I have some scientific measurement data which should be permanently stored in a data store of some sort.
- And what is your role at which academic organization?
- Which kind of data stores are typically used at your academic organization of such data stores?
I am looking for a way to store measurements from 100 000 sensors with measurement data accumulating over years to around 1 000 000 measurements per sensor. Each sensor produces a reading once every minute or less frequently. Thus the data flow is not very large (around 200 measurements per second in the complete system). The sensors are not synchronized.
- Which kind of mathematics do you use?
- How do you ensure that the other 88000 sensors don't report their measurements without synchronizing your sensor measurements?
- How is the timestamp achieved where?
- Which level of time accuracy and time synchronization do you need and achieve in your experiment?
When I divide 100000 sensors by 60 seconds (one measurement per sensor per minute), then I get around 1667 measurements on average per second, not your claimed 200. If you multiply 200 sensors with 60 seconds (one measurement per sensor per minute), you may only have about 12000 sensors, and have to ensure that the remaining 88000 sensors are not taking measurements during your experiment.

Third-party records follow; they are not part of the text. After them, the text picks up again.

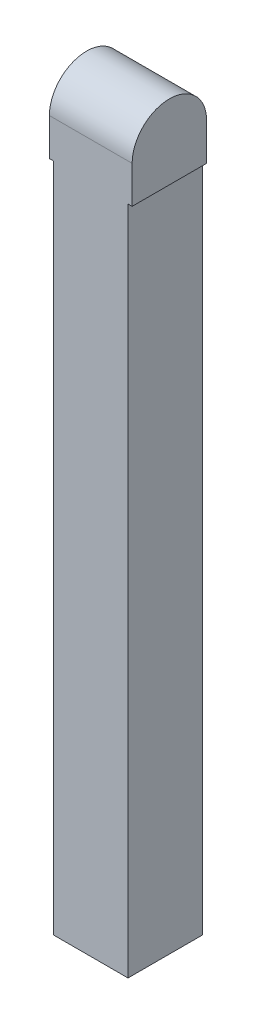
from build123d import *

# Parameters (mm, degrees)
SKETCH_1_W          = 18
SKETCH_1_H          = 18
EXTRUDE_1_DEPTH     = 160
SKETCH_2_W          = 18
SKETCH_2_H          = 18
EXTRUDE_2_DEPTH     = 2
SKETCH_3_W          = 20
SKETCH_3_H          = 18
EXTRUDE_4_DEPTH     = 18
CUT_EXTRUDE_1_DEPTH = 21


with BuildPart() as part:
    # 草图1 → 凸台-拉伸1 (new body)
    with BuildSketch(Plane(origin=(0, 0, 0), x_dir=(1, 0, 0), z_dir=(0, 1, 0))):
        Rectangle(SKETCH_1_W, SKETCH_1_H)
    extrude(amount=EXTRUDE_1_DEPTH)

    # 草图2 → 凸台-拉伸2 (add)
    with BuildSketch(Plane(origin=(0, 160, 0), x_dir=(1, 0, 0), z_dir=(0, 1, 0))):
        Rectangle(SKETCH_2_W, SKETCH_2_H)
    extrude(amount=EXTRUDE_2_DEPTH)

    # 草图3 → 凸台-拉伸4 (add)
    with BuildSketch(Plane(origin=(0, 162, 0), x_dir=(1, 0, 0), z_dir=(0, 1, 0))):
        Rectangle(SKETCH_3_W, SKETCH_3_H)
    extrude(amount=EXTRUDE_4_DEPTH)

    # 草图4 → 切除-拉伸1 (cut, through all)
    with BuildSketch(Plane.ZY.offset(10)):
        with BuildLine():
            Line((-9, 171), (-9, 185))
            Line((-9, 185), (9, 185))
            Line((9, 185), (9, 171))
            ThreePointArc((9, 171), (0, 180), (-9, 171))
        make_face()
    extrude(amount=-CUT_EXTRUDE_1_DEPTH, mode=Mode.SUBTRACT)


solid = part.part

You reported that the measurements of the sensors are not synchronized. But when measurements are taken at the sensors, then time has to be synchronized among the sensors. I did not get which time accuracy you need.
The data itself comes as a stream of triplets: [timestamp] [sensor #] [value], where everything can be represented as a 32-bit value.
As Brian has already mentioned, this sounds to fit scientific databases. Some of them use time series. These seem to fit well for your situation.
I want to know which source allows efficient data storage features between file system and dbms in a large project.
- And why do you mention file system in this context?
- Which relation do you create between file system and DBMS and why?
The data store of a DBMS may optionally use a file system. But it might as well use raw storage. I don't understand your question as I can't yet see a relation to file systems.
I have asked this query on Quora and according to this
Your selected source does not comply with scientific standards. There exist academic societies world wide. Different sciences have needs for scientific databases and use such scientific databases. Don't expect the same needs outside of science. At CERN, physicists are making large experiments which create large sets of data over a short period of time. Their data is more complex than yours. The web and the first web browser were created there too. So if you can't find helpful answers at your academic institution, you may find helpful answers in some relevant academic society. And your academic institution probably has access to such academic societies.
And those physicists at CERN are among those to reform the definition of time. These and some others need accurate time. But the current definition is not accurate enough. These scientists need a more accurate time definition. And the larger geographic distribution is needed for an experiment with such high accuracy needs, the more relevant it is that such better time definition should become an international standard too.
Then the query would be
- Did you understand the non-scientific article which you referenced?
- Why do you expect that your scientific DBMS would be relational as your triple does not include any relation?
- Why do you emphasize relational DBMS although your referenced non-scientific article mentions relational DBMS only as one type among many presented types?
Even this article presents several types of DBMS. These types are not exhaustive. And only relational DBMS would use such a query for querying, not for storing.
- And why do you not expect to need storing other kind of data for your experiment and its measurements in addition to those you mentioned?